And what did you do in high school? I don't think you can hold anything anyone did in their teen years in high school against them.


----------



## konradv (Sep 21, 2010)

bigrebnc1775 said:


> I have asked this question a few times in other threads and no one seems to want to answer it. I don't know if they are to busy with their heated debates to notice my question or not. So I figure I will start a thread and ask it directly
> 
> In obama's Bio "Dreams of my Father" he said he went through the last two years of high school in a haze, meaning he was a stoner. He also hinted that he would rather drink and do drugs then do school work. Now how can someone with this mentality and thinking *be able to enter into Harvard law school.* This is why I would like to see he college transcripts. With how he does when he is not being directed by a teleprompter and the way he's running a country that he has been intrusted with I cannot see how he managed to even make a acceptable entrance exam dumb fuck college.

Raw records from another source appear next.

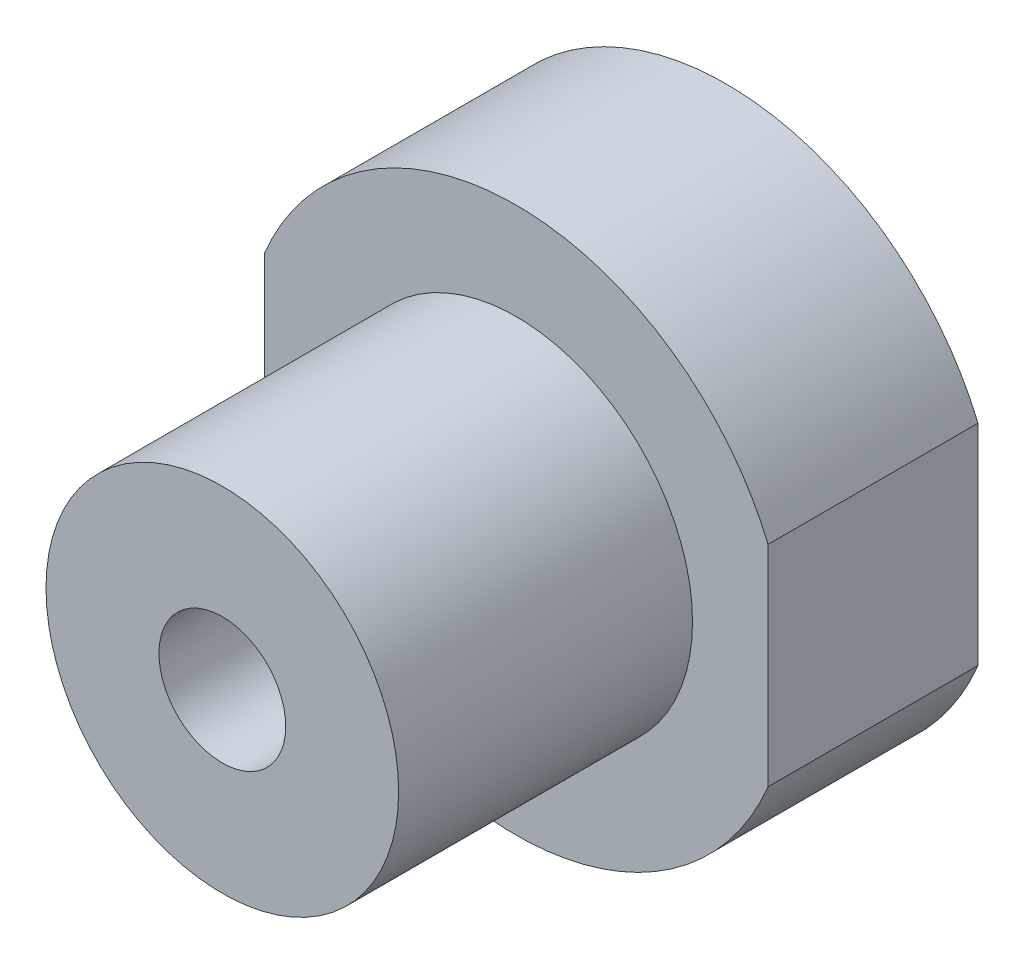
ISO-10303-21;
HEADER;
FILE_DESCRIPTION(('STEP AP214'),'2;1');
FILE_NAME('part.step','',(''),(''),'','','');
FILE_SCHEMA(('AUTOMOTIVE_DESIGN { 1 0 10303 214 1 1 1 1 }'));
ENDSEC;
DATA;
#1=APPLICATION_CONTEXT('core data for automotive mechanical design processes');
#2=APPLICATION_PROTOCOL_DEFINITION('international standard','automotive_design',2000,#1);
#3=PRODUCT_CONTEXT('',#1,'mechanical');
#4=PRODUCT('Part','Part','',(#3));
#5=PRODUCT_RELATED_PRODUCT_CATEGORY('part','',(#4));
#6=PRODUCT_DEFINITION_FORMATION('','',#4);
#7=PRODUCT_DEFINITION_CONTEXT('part definition',#1,'design');
#8=PRODUCT_DEFINITION('design','',#6,#7);
#9=PRODUCT_DEFINITION_SHAPE('','',#8);
#10=(LENGTH_UNIT() NAMED_UNIT(*) SI_UNIT(.MILLI.,.METRE.));
#11=(NAMED_UNIT(*) PLANE_ANGLE_UNIT() SI_UNIT($,.RADIAN.));
#12=(NAMED_UNIT(*) SI_UNIT($,.STERADIAN.) SOLID_ANGLE_UNIT());
#13=UNCERTAINTY_MEASURE_WITH_UNIT(LENGTH_MEASURE(1.E-05),#10,'distance_accuracy_value','');
#14=(GEOMETRIC_REPRESENTATION_CONTEXT(3) GLOBAL_UNCERTAINTY_ASSIGNED_CONTEXT((#13)) GLOBAL_UNIT_ASSIGNED_CONTEXT((#10,
#11,#12)) REPRESENTATION_CONTEXT('',''));
#15=CARTESIAN_POINT('',(0.,0.,0.));
#16=DIRECTION('',(0.,0.,1.));
#17=DIRECTION('',(1.,0.,0.));
#18=AXIS2_PLACEMENT_3D('',#15,#16,#17);
#19=CARTESIAN_POINT('',(0.,0.,12.));
#20=DIRECTION('',(0.,0.,-1.));
#21=DIRECTION('',(-1.,0.,0.));
#22=AXIS2_PLACEMENT_3D('',#19,#20,#21);
#23=CYLINDRICAL_SURFACE('',#22,6.5);
#24=CARTESIAN_POINT('',(0.,0.,5.));
#25=DIRECTION('',(0.,0.,1.));
#26=DIRECTION('',(1.,0.,0.));
#27=AXIS2_PLACEMENT_3D('',#24,#25,#26);
#28=CIRCLE('',#27,6.5);
#29=CARTESIAN_POINT('',(-6.,-2.5,5.));
#30=VERTEX_POINT('',#29);
#31=CARTESIAN_POINT('',(6.,-2.5,5.));
#32=VERTEX_POINT('',#31);
#33=EDGE_CURVE('E87',#30,#32,#28,.T.);
#34=ORIENTED_EDGE('',*,*,#33,.F.);
#35=DIRECTION('',(0.,0.,-1.));
#36=VECTOR('',#35,1.);
#37=CARTESIAN_POINT('',(-6.,-2.5,32.0777237780431));
#38=LINE('',#37,#36);
#39=CARTESIAN_POINT('',(-6.,-2.5,0.));
#40=VERTEX_POINT('',#39);
#41=EDGE_CURVE('E51',#30,#40,#38,.T.);
#42=ORIENTED_EDGE('',*,*,#41,.T.);
#43=CARTESIAN_POINT('',(0.,0.,0.));
#44=DIRECTION('',(0.,0.,1.));
#45=DIRECTION('',(1.,0.,0.));
#46=AXIS2_PLACEMENT_3D('',#43,#44,#45);
#47=CIRCLE('',#46,6.5);
#48=CARTESIAN_POINT('',(6.,-2.5,0.));
#49=VERTEX_POINT('',#48);
#50=EDGE_CURVE('E86',#40,#49,#47,.T.);
#51=ORIENTED_EDGE('',*,*,#50,.T.);
#52=DIRECTION('',(0.,0.,-1.));
#53=VECTOR('',#52,1.);
#54=CARTESIAN_POINT('',(6.,-2.5,38.6931230001252));
#55=LINE('',#54,#53);
#56=EDGE_CURVE('E99',#32,#49,#55,.T.);
#57=ORIENTED_EDGE('',*,*,#56,.F.);
#58=EDGE_LOOP('',(#34,#42,#51,#57));
#59=FACE_BOUND('',#58,.T.);
#60=ADVANCED_FACE('F36',(#59),#23,.T.);
#61=CARTESIAN_POINT('',(6.,2.5,0.));
#62=VERTEX_POINT('',#61);
#63=CARTESIAN_POINT('',(-6.,2.5,0.));
#64=VERTEX_POINT('',#63);
#65=EDGE_CURVE('E91',#62,#64,#47,.T.);
#66=ORIENTED_EDGE('',*,*,#65,.T.);
#67=DIRECTION('',(0.,0.,-1.));
#68=VECTOR('',#67,1.);
#69=CARTESIAN_POINT('',(-6.,2.5,32.0777237780431));
#70=LINE('',#69,#68);
#71=CARTESIAN_POINT('',(-6.,2.5,5.00000000000001));
#72=VERTEX_POINT('',#71);
#73=EDGE_CURVE('E90',#72,#64,#70,.T.);
#74=ORIENTED_EDGE('',*,*,#73,.F.);
#75=CARTESIAN_POINT('',(6.,2.5,5.));
#76=VERTEX_POINT('',#75);
#77=EDGE_CURVE('E79',#76,#72,#28,.T.);
#78=ORIENTED_EDGE('',*,*,#77,.F.);
#79=DIRECTION('',(0.,0.,-1.));
#80=VECTOR('',#79,1.);
#81=CARTESIAN_POINT('',(6.,2.5,38.6931230001252));
#82=LINE('',#81,#80);
#83=EDGE_CURVE('E96',#76,#62,#82,.T.);
#84=ORIENTED_EDGE('',*,*,#83,.T.);
#85=EDGE_LOOP('',(#66,#74,#78,#84));
#86=FACE_BOUND('',#85,.T.);
#87=ADVANCED_FACE('F38',(#86),#23,.T.);
#88=CARTESIAN_POINT('',(0.,0.,0.));
#89=DIRECTION('',(0.,0.,1.));
#90=DIRECTION('',(1.,0.,0.));
#91=AXIS2_PLACEMENT_3D('',#88,#89,#90);
#92=PLANE('',#91);
#93=ORIENTED_EDGE('',*,*,#50,.F.);
#94=DIRECTION('',(0.,1.,0.));
#95=VECTOR('',#94,1.);
#96=CARTESIAN_POINT('',(-6.,0.,0.));
#97=LINE('',#96,#95);
#98=EDGE_CURVE('E58',#40,#64,#97,.T.);
#99=ORIENTED_EDGE('',*,*,#98,.T.);
#100=ORIENTED_EDGE('',*,*,#65,.F.);
#101=DIRECTION('',(0.,1.,0.));
#102=VECTOR('',#101,1.);
#103=CARTESIAN_POINT('',(6.,0.,0.));
#104=LINE('',#103,#102);
#105=EDGE_CURVE('E102',#49,#62,#104,.T.);
#106=ORIENTED_EDGE('',*,*,#105,.F.);
#107=EDGE_LOOP('',(#93,#99,#100,#106));
#108=FACE_BOUND('',#107,.T.);
#109=ADVANCED_FACE('F142',(#108),#92,.F.);
#110=CARTESIAN_POINT('',(0.,0.,5.));
#111=DIRECTION('',(0.,0.,1.));
#112=DIRECTION('',(1.,0.,0.));
#113=AXIS2_PLACEMENT_3D('',#110,#111,#112);
#114=PLANE('',#113);
#115=DIRECTION('',(0.,1.,0.));
#116=VECTOR('',#115,1.);
#117=CARTESIAN_POINT('',(-6.,0.,5.));
#118=LINE('',#117,#116);
#119=EDGE_CURVE('E12',#30,#72,#118,.T.);
#120=ORIENTED_EDGE('',*,*,#119,.F.);
#121=ORIENTED_EDGE('',*,*,#33,.T.);
#122=DIRECTION('',(0.,1.,0.));
#123=VECTOR('',#122,1.);
#124=CARTESIAN_POINT('',(6.,0.,5.));
#125=LINE('',#124,#123);
#126=EDGE_CURVE('E44',#32,#76,#125,.T.);
#127=ORIENTED_EDGE('',*,*,#126,.T.);
#128=ORIENTED_EDGE('',*,*,#77,.T.);
#129=EDGE_LOOP('',(#120,#121,#127,#128));
#130=FACE_BOUND('',#129,.T.);
#131=CARTESIAN_POINT('',(0.,0.,5.));
#132=DIRECTION('',(0.,0.,1.));
#133=DIRECTION('',(1.,0.,0.));
#134=AXIS2_PLACEMENT_3D('',#131,#132,#133);
#135=CIRCLE('',#134,4.2);
#136=CARTESIAN_POINT('',(4.2,0.,5.));
#137=VERTEX_POINT('',#136);
#138=EDGE_CURVE('E153',#137,#137,#135,.T.);
#139=ORIENTED_EDGE('',*,*,#138,.F.);
#140=EDGE_LOOP('',(#139));
#141=FACE_BOUND('',#140,.T.);
#142=ADVANCED_FACE('F81',(#130,#141),#114,.T.);
#143=CARTESIAN_POINT('',(0.,0.,5.));
#144=DIRECTION('',(0.,0.,1.));
#145=DIRECTION('',(1.,0.,0.));
#146=AXIS2_PLACEMENT_3D('',#143,#144,#145);
#147=CYLINDRICAL_SURFACE('',#146,4.2);
#148=CARTESIAN_POINT('',(-4.2,0.,9.8));
#149=CARTESIAN_POINT('',(-4.19999918975716,0.0445050692827186,9.79999831351455));
#150=CARTESIAN_POINT('',(-4.19928531303912,0.0890319340393675,9.79627363588427));
#151=CARTESIAN_POINT('',(-4.19650633670306,0.176830026339232,9.78148345009533));
#152=CARTESIAN_POINT('',(-4.1944401122718,0.220100177296127,9.77041183102234));
#153=CARTESIAN_POINT('',(-4.18918747855958,0.304102472931484,9.74127979887013));
#154=CARTESIAN_POINT('',(-4.18600209548577,0.344836902582766,9.72322578673946));
#155=CARTESIAN_POINT('',(-4.17885862129986,0.422694978519967,9.680659825203));
#156=CARTESIAN_POINT('',(-4.17490058887378,0.459818898718858,9.6561483662185));
#157=CARTESIAN_POINT('',(-4.16659378019184,0.529863819055358,9.60104229368466));
#158=CARTESIAN_POINT('',(-4.16224116830176,0.562733824115327,9.57038343225021));
#159=CARTESIAN_POINT('',(-4.15366410352382,0.622896603773796,9.50399103156161));
#160=CARTESIAN_POINT('',(-4.14943966004354,0.650188969812237,9.46825712088664));
#161=CARTESIAN_POINT('',(-4.14155991678934,0.698634996766379,9.39236709231777));
#162=CARTESIAN_POINT('',(-4.1379095601114,0.719736567014677,9.35217716275601));
#163=CARTESIAN_POINT('',(-4.13164544256769,0.75486848530436,9.26874146295891));
#164=CARTESIAN_POINT('',(-4.12903158931043,0.768899463631998,9.22549596549479));
#165=CARTESIAN_POINT('',(-4.12517508116456,0.789327808131856,9.13772306288837));
#166=CARTESIAN_POINT('',(-4.12391644213396,0.795814233858233,9.09321710185931));
#167=CARTESIAN_POINT('',(-4.12286469754441,0.801245827857894,9.00373215981581));
#168=CARTESIAN_POINT('',(-4.12307145629921,0.80019169433754,8.9587532229809));
#169=CARTESIAN_POINT('',(-4.12491260039502,0.790644259726365,8.87024581490186));
#170=CARTESIAN_POINT('',(-4.12652751367668,0.782252420573193,8.82670593377052));
#171=CARTESIAN_POINT('',(-4.13097240400575,0.758427660713511,8.74166356782844));
#172=CARTESIAN_POINT('',(-4.13380243417989,0.742994432145178,8.70016117218801));
#173=CARTESIAN_POINT('',(-4.14037893640687,0.705426306897761,8.62007604639157));
#174=CARTESIAN_POINT('',(-4.14413095945861,0.683250616774925,8.58151292721929));
#175=CARTESIAN_POINT('',(-4.15212504340384,0.632855889425938,8.50861693675805));
#176=CARTESIAN_POINT('',(-4.15636715554572,0.604636219919831,8.4742845086476));
#177=CARTESIAN_POINT('',(-4.16494817022137,0.542408431522876,8.41023842778877));
#178=CARTESIAN_POINT('',(-4.16928752431716,0.508313572123825,8.38060904908835));
#179=CARTESIAN_POINT('',(-4.17751068538924,0.435593015952664,8.32747750451272));
#180=CARTESIAN_POINT('',(-4.18139448751623,0.396967270958417,8.30397540385862));
#181=CARTESIAN_POINT('',(-4.18827716875703,0.316192152772242,8.26375240166464));
#182=CARTESIAN_POINT('',(-4.19127487630327,0.274038208299115,8.24704046704623));
#183=CARTESIAN_POINT('',(-4.19603859426372,0.187451496048365,8.22095847130397));
#184=CARTESIAN_POINT('',(-4.19780473977526,0.143018978795102,8.21158760488099));
#185=CARTESIAN_POINT('',(-4.19988772003309,0.0538612408665728,8.20057151854554));
#186=CARTESIAN_POINT('',(-4.2002262083733,0.00915077282118806,8.19881086259992));
#187=CARTESIAN_POINT('',(-4.1994756266672,-0.0799256443228178,8.20275524211939));
#188=CARTESIAN_POINT('',(-4.19838662909885,-0.124291610797819,8.2084598985471));
#189=CARTESIAN_POINT('',(-4.19491693619439,-0.211052035228773,8.22707701053263));
#190=CARTESIAN_POINT('',(-4.1925467470456,-0.253459524728257,8.23993086482557));
#191=CARTESIAN_POINT('',(-4.18677936440468,-0.33551748546553,8.27241793898824));
#192=CARTESIAN_POINT('',(-4.18338209946126,-0.375167764654425,8.29205163052914));
#193=CARTESIAN_POINT('',(-4.175883399201,-0.451077080490726,8.33779520206983));
#194=CARTESIAN_POINT('',(-4.17177448000834,-0.487293002507809,8.36397537668185));
#195=CARTESIAN_POINT('',(-4.16332715336028,-0.554858983744039,8.42197386753347));
#196=CARTESIAN_POINT('',(-4.15898872377015,-0.586208572486981,8.45379272828413));
#197=CARTESIAN_POINT('',(-4.1504992386728,-0.643592231069949,8.52268865979902));
#198=CARTESIAN_POINT('',(-4.14635157353834,-0.669547411518764,8.55983192575681));
#199=CARTESIAN_POINT('',(-4.1387822874362,-0.71485025802538,8.63801902788005));
#200=CARTESIAN_POINT('',(-4.13536063896864,-0.734198174368418,8.67906271622096));
#201=CARTESIAN_POINT('',(-4.12965758647247,-0.765626389342317,8.76368838883063));
#202=CARTESIAN_POINT('',(-4.12737059311941,-0.777742373789275,8.80725672576706));
#203=CARTESIAN_POINT('',(-4.12418323447374,-0.79447244488251,8.89585850859045));
#204=CARTESIAN_POINT('',(-4.12328270713451,-0.799087408232481,8.94089178263097));
#205=CARTESIAN_POINT('',(-4.12297864271789,-0.80065437113446,9.03035447569308));
#206=CARTESIAN_POINT('',(-4.12355078592255,-0.797730859810025,9.07478167907047));
#207=CARTESIAN_POINT('',(-4.12607357441173,-0.784576922525489,9.16249891845475));
#208=CARTESIAN_POINT('',(-4.12802421082699,-0.77434654357789,9.2057889617763));
#209=CARTESIAN_POINT('',(-4.13307380831457,-0.746922507433793,9.28993321942199));
#210=CARTESIAN_POINT('',(-4.13617047660353,-0.729742747023456,9.33079210940258));
#211=CARTESIAN_POINT('',(-4.14316476734079,-0.688921385354746,9.40906739047722));
#212=CARTESIAN_POINT('',(-4.14706244886079,-0.6652793074823,9.44648352738638));
#213=CARTESIAN_POINT('',(-4.15529483720025,-0.61177339459019,9.51743392706396));
#214=CARTESIAN_POINT('',(-4.15963536316529,-0.58181912036121,9.550899323472));
#215=CARTESIAN_POINT('',(-4.16822125389376,-0.516727266780006,9.61237013600578));
#216=CARTESIAN_POINT('',(-4.17246659657047,-0.481588498447137,9.64037429625506));
#217=CARTESIAN_POINT('',(-4.18043033987948,-0.406731751047044,9.69037260514626));
#218=CARTESIAN_POINT('',(-4.18414345046217,-0.366974080018692,9.71230819816285));
#219=CARTESIAN_POINT('',(-4.19057261857685,-0.284279155063621,9.7491531353614));
#220=CARTESIAN_POINT('',(-4.19328960334228,-0.24134490300338,9.76406901745668));
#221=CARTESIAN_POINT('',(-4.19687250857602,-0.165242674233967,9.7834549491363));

I thought the same thing about Bush.  Who cares if Obama was AA, when the elite have had their own for generations called "legacy"?  Futhermore, Bush was a 'C' student, while Obama was on the Law Review.  If there's anything to look into, let's go for the more obvious situation first, K?


----------



## Jack Fate (Sep 21, 2010)

konradv said:


> bigrebnc1775 said:
> 
> 
> > I have asked this question a few times in other threads and no one seems to want to answer it. I don't know if they are to busy with their heated debates to notice my question or not. So I figure I will start a thread and ask it directly
> ...



Obama also has a Nobel Prize for doing absolutely nothing.  So what's he hiding?


----------



## bigrebnc1775 (Sep 21, 2010)

syrenn said:


> bigrebnc1775 said:
> 
> 
> > I have asked this question a few times in other threads and no one seems to want to answer it. I don't know if they are to busy with their heated debates to notice my question or not. So I figure I will start a thread and ask it directly
> ...



What did I do? maintain a B average. It's not about the drugs usage, so you are missing my point. The fact that obama has said he has done this and done that. What I would like to see is his grades. The reason I would like to see his grades is to see if he earned what he did or was it given to him. I really have my doubts that he did anything worthy to hold the post of Harvard law review, or was it given to him because he was a smooth talker, and Harvard need a minority to hold the position. obama is an onion with many layers of unanswered questions. you must pill away at each deception of layers to get to the truth.


----------



## bigrebnc1775 (Sep 21, 2010)

konradv said:


> bigrebnc1775 said:
> 
> 
> > I have asked this question a few times in other threads and no one seems to want to answer it. I don't know if they are to busy with their heated debates to notice my question or not. So I figure I will start a thread and ask it directly
> ...


Really did he earn it or was it given to him?


----------



## bigrebnc1775 (Sep 21, 2010)

Jack Fate said:


> konradv said:
> 
> 
> > bigrebnc1775 said:
> ...



Jack do not steal my thunder any more I was getting to that.


----------



## bigrebnc1775 (Sep 21, 2010)

Granny said:


> I have never read his books - don't intend to.  He got into Occidental in California by claiming status as a foreign student (Indonesian).  Not sure how he got into Harvard, but one thing is certain - he's been groomed for his current job for years and years by somebody.



You can bet your last dollar someone has groomed obama. He is a man of  mystery


----------



## Trajan (Sep 21, 2010)

konradv said:


> bigrebnc1775 said:
> 
> 
> > I have asked this question a few times in other threads and no one seems to want to answer it. I don't know if they are to busy with their heated debates to notice my question or not. So I figure I will start a thread and ask it directly
> ...



why? we know  bushs grades...just as we know gores and kerrys none of which btw are quantitatively/qualitatively any better than bushs....mba, hello? 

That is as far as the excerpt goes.